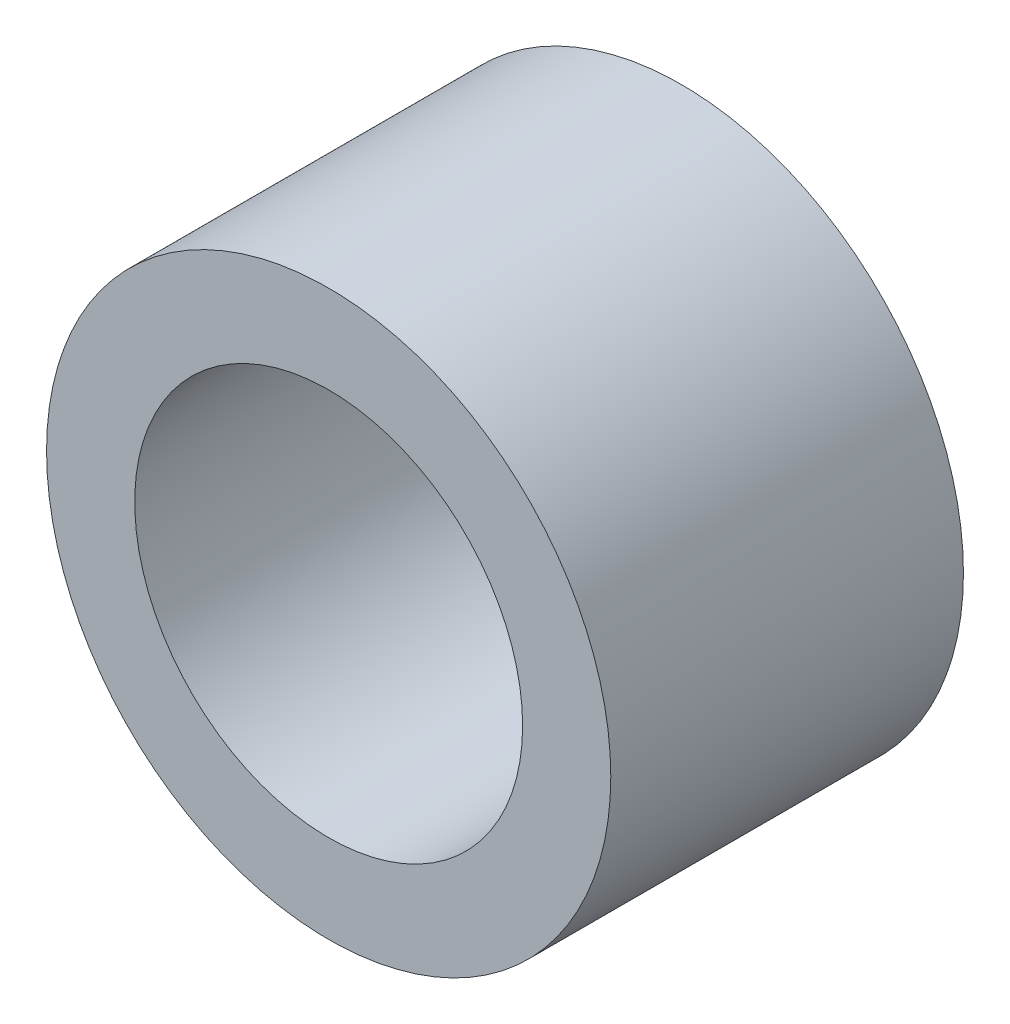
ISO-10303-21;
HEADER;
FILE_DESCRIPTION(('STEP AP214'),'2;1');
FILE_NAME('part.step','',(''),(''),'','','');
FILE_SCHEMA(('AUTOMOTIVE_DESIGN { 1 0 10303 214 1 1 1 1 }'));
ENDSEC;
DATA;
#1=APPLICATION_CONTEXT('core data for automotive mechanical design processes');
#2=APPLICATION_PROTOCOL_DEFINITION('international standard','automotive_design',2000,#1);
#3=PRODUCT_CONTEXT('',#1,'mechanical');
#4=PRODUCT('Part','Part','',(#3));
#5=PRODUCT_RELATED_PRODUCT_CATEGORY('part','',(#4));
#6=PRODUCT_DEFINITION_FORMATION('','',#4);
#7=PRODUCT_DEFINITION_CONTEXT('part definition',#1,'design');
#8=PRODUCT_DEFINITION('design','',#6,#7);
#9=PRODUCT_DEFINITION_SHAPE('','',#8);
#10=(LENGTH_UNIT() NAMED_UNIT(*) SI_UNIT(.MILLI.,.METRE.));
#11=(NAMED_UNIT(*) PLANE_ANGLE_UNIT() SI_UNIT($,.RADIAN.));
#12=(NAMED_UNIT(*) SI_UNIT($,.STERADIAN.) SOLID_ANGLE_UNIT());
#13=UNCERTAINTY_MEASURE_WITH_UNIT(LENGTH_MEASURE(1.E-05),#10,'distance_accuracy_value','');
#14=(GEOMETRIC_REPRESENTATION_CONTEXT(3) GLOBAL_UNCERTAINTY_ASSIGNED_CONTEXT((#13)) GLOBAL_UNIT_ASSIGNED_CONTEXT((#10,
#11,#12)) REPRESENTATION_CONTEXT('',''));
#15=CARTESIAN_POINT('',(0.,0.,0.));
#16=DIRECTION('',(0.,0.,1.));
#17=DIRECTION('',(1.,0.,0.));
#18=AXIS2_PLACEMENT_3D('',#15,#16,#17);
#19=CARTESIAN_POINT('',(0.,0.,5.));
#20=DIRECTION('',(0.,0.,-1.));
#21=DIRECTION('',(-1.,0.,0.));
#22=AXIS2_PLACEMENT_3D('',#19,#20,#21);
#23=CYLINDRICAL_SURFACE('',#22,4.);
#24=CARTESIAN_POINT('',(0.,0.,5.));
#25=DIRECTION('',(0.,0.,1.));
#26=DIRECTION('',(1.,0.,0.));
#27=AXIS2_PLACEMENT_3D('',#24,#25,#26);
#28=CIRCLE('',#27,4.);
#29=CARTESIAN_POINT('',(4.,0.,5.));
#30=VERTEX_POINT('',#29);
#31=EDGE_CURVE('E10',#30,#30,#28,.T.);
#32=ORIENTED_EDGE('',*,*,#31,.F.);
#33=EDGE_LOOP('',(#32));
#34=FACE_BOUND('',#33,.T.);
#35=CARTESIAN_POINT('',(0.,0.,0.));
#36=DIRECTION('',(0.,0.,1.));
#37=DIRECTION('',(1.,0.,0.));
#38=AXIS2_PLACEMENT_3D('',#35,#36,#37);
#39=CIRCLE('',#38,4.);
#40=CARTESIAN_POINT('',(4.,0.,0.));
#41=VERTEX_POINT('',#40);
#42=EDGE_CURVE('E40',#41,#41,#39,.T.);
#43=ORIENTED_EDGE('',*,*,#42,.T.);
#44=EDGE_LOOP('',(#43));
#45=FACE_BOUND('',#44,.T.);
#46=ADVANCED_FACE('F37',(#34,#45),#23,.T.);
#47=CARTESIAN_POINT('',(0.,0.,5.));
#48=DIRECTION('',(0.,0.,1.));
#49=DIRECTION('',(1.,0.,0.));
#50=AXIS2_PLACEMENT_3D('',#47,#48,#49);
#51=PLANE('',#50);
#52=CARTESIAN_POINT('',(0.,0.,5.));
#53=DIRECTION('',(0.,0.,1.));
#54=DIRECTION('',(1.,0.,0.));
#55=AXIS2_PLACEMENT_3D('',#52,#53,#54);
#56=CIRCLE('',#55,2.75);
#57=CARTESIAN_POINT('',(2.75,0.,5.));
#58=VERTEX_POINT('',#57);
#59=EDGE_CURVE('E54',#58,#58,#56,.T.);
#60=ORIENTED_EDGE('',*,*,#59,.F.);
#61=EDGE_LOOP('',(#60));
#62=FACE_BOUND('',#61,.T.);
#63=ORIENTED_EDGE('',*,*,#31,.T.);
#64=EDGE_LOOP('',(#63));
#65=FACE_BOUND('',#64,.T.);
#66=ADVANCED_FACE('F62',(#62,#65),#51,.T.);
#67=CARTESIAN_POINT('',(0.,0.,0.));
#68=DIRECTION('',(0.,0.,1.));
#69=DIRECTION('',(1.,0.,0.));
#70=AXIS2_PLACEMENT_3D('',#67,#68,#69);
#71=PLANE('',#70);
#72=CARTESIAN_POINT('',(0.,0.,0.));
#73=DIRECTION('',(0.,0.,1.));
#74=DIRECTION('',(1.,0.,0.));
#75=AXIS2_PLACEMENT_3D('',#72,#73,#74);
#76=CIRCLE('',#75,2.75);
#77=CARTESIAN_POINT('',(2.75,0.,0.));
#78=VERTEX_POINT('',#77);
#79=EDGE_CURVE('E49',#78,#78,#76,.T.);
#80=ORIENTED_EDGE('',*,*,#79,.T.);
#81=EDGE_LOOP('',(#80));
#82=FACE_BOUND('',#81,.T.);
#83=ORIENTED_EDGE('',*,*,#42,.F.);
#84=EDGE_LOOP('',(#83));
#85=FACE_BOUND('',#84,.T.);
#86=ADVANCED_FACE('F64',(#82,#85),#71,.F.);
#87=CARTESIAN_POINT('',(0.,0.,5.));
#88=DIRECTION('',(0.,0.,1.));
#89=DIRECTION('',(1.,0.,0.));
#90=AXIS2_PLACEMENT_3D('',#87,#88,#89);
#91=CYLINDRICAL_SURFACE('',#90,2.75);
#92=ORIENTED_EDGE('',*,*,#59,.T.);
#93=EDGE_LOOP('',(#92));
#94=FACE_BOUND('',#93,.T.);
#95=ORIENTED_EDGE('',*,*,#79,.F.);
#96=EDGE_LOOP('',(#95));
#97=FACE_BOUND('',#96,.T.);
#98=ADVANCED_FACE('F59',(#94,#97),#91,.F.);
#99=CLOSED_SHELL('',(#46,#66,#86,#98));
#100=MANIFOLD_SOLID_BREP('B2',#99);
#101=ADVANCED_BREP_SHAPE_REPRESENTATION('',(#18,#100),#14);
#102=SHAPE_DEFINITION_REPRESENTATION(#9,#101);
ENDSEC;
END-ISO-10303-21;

-- Goal of the exercise --
Repeat every entry above precisely, leaving each picture out.

-- Problem solution --
ISO-10303-21;
HEADER;
FILE_DESCRIPTION(('STEP AP214'),'2;1');
FILE_NAME('part.step','',(''),(''),'','','');
FILE_SCHEMA(('AUTOMOTIVE_DESIGN { 1 0 10303 214 1 1 1 1 }'));
ENDSEC;
DATA;
#1=APPLICATION_CONTEXT('core data for automotive mechanical design processes');
#2=APPLICATION_PROTOCOL_DEFINITION('international standard','automotive_design',2000,#1);
#3=PRODUCT_CONTEXT('',#1,'mechanical');
#4=PRODUCT('Part','Part','',(#3));
#5=PRODUCT_RELATED_PRODUCT_CATEGORY('part','',(#4));
#6=PRODUCT_DEFINITION_FORMATION('','',#4);
#7=PRODUCT_DEFINITION_CONTEXT('part definition',#1,'design');
#8=PRODUCT_DEFINITION('design','',#6,#7);
#9=PRODUCT_DEFINITION_SHAPE('','',#8);
#10=(LENGTH_UNIT() NAMED_UNIT(*) SI_UNIT(.MILLI.,.METRE.));
#11=(NAMED_UNIT(*) PLANE_ANGLE_UNIT() SI_UNIT($,.RADIAN.));
#12=(NAMED_UNIT(*) SI_UNIT($,.STERADIAN.) SOLID_ANGLE_UNIT());
#13=UNCERTAINTY_MEASURE_WITH_UNIT(LENGTH_MEASURE(1.E-05),#10,'distance_accuracy_value','');
#14=(GEOMETRIC_REPRESENTATION_CONTEXT(3) GLOBAL_UNCERTAINTY_ASSIGNED_CONTEXT((#13)) GLOBAL_UNIT_ASSIGNED_CONTEXT((#10,
#11,#12)) REPRESENTATION_CONTEXT('',''));
#15=CARTESIAN_POINT('',(0.,0.,0.));
#16=DIRECTION('',(0.,0.,1.));
#17=DIRECTION('',(1.,0.,0.));
#18=AXIS2_PLACEMENT_3D('',#15,#16,#17);
#19=CARTESIAN_POINT('',(0.,0.,5.));
#20=DIRECTION('',(0.,0.,-1.));
#21=DIRECTION('',(-1.,0.,0.));
#22=AXIS2_PLACEMENT_3D('',#19,#20,#21);
#23=CYLINDRICAL_SURFACE('',#22,4.);
#24=CARTESIAN_POINT('',(0.,0.,5.));
#25=DIRECTION('',(0.,0.,1.));
#26=DIRECTION('',(1.,0.,0.));
#27=AXIS2_PLACEMENT_3D('',#24,#25,#26);
#28=CIRCLE('',#27,4.);
#29=CARTESIAN_POINT('',(4.,0.,5.));
#30=VERTEX_POINT('',#29);
#31=EDGE_CURVE('E10',#30,#30,#28,.T.);
#32=ORIENTED_EDGE('',*,*,#31,.F.);
#33=EDGE_LOOP('',(#32));
#34=FACE_BOUND('',#33,.T.);
#35=CARTESIAN_POINT('',(0.,0.,0.));
#36=DIRECTION('',(0.,0.,1.));
#37=DIRECTION('',(1.,0.,0.));
#38=AXIS2_PLACEMENT_3D('',#35,#36,#37);
#39=CIRCLE('',#38,4.);
#40=CARTESIAN_POINT('',(4.,0.,0.));
#41=VERTEX_POINT('',#40);
#42=EDGE_CURVE('E40',#41,#41,#39,.T.);
#43=ORIENTED_EDGE('',*,*,#42,.T.);
#44=EDGE_LOOP('',(#43));
#45=FACE_BOUND('',#44,.T.);
#46=ADVANCED_FACE('F37',(#34,#45),#23,.T.);
#47=CARTESIAN_POINT('',(0.,0.,5.));
#48=DIRECTION('',(0.,0.,1.));
#49=DIRECTION('',(1.,0.,0.));
#50=AXIS2_PLACEMENT_3D('',#47,#48,#49);
#51=PLANE('',#50);
#52=CARTESIAN_POINT('',(0.,0.,5.));
#53=DIRECTION('',(0.,0.,1.));
#54=DIRECTION('',(1.,0.,0.));
#55=AXIS2_PLACEMENT_3D('',#52,#53,#54);
#56=CIRCLE('',#55,2.75);
#57=CARTESIAN_POINT('',(2.75,0.,5.));
#58=VERTEX_POINT('',#57);
#59=EDGE_CURVE('E54',#58,#58,#56,.T.);
#60=ORIENTED_EDGE('',*,*,#59,.F.);
#61=EDGE_LOOP('',(#60));
#62=FACE_BOUND('',#61,.T.);
#63=ORIENTED_EDGE('',*,*,#31,.T.);
#64=EDGE_LOOP('',(#63));
#65=FACE_BOUND('',#64,.T.);
#66=ADVANCED_FACE('F62',(#62,#65),#51,.T.);
#67=CARTESIAN_POINT('',(0.,0.,0.));
#68=DIRECTION('',(0.,0.,1.));
#69=DIRECTION('',(1.,0.,0.));
#70=AXIS2_PLACEMENT_3D('',#67,#68,#69);
#71=PLANE('',#70);
#72=CARTESIAN_POINT('',(0.,0.,0.));
#73=DIRECTION('',(0.,0.,1.));
#74=DIRECTION('',(1.,0.,0.));
#75=AXIS2_PLACEMENT_3D('',#72,#73,#74);
#76=CIRCLE('',#75,2.75);
#77=CARTESIAN_POINT('',(2.75,0.,0.));
#78=VERTEX_POINT('',#77);
#79=EDGE_CURVE('E49',#78,#78,#76,.T.);
#80=ORIENTED_EDGE('',*,*,#79,.T.);
#81=EDGE_LOOP('',(#80));
#82=FACE_BOUND('',#81,.T.);
#83=ORIENTED_EDGE('',*,*,#42,.F.);
#84=EDGE_LOOP('',(#83));
#85=FACE_BOUND('',#84,.T.);
#86=ADVANCED_FACE('F64',(#82,#85),#71,.F.);
#87=CARTESIAN_POINT('',(0.,0.,5.));
#88=DIRECTION('',(0.,0.,1.));
#89=DIRECTION('',(1.,0.,0.));
#90=AXIS2_PLACEMENT_3D('',#87,#88,#89);
#91=CYLINDRICAL_SURFACE('',#90,2.75);
#92=ORIENTED_EDGE('',*,*,#59,.T.);
#93=EDGE_LOOP('',(#92));
#94=FACE_BOUND('',#93,.T.);
#95=ORIENTED_EDGE('',*,*,#79,.F.);
#96=EDGE_LOOP('',(#95));
#97=FACE_BOUND('',#96,.T.);
#98=ADVANCED_FACE('F59',(#94,#97),#91,.F.);
#99=CLOSED_SHELL('',(#46,#66,#86,#98));
#100=MANIFOLD_SOLID_BREP('B2',#99);
#101=ADVANCED_BREP_SHAPE_REPRESENTATION('',(#18,#100),#14);
#102=SHAPE_DEFINITION_REPRESENTATION(#9,#101);
ENDSEC;
END-ISO-10303-21;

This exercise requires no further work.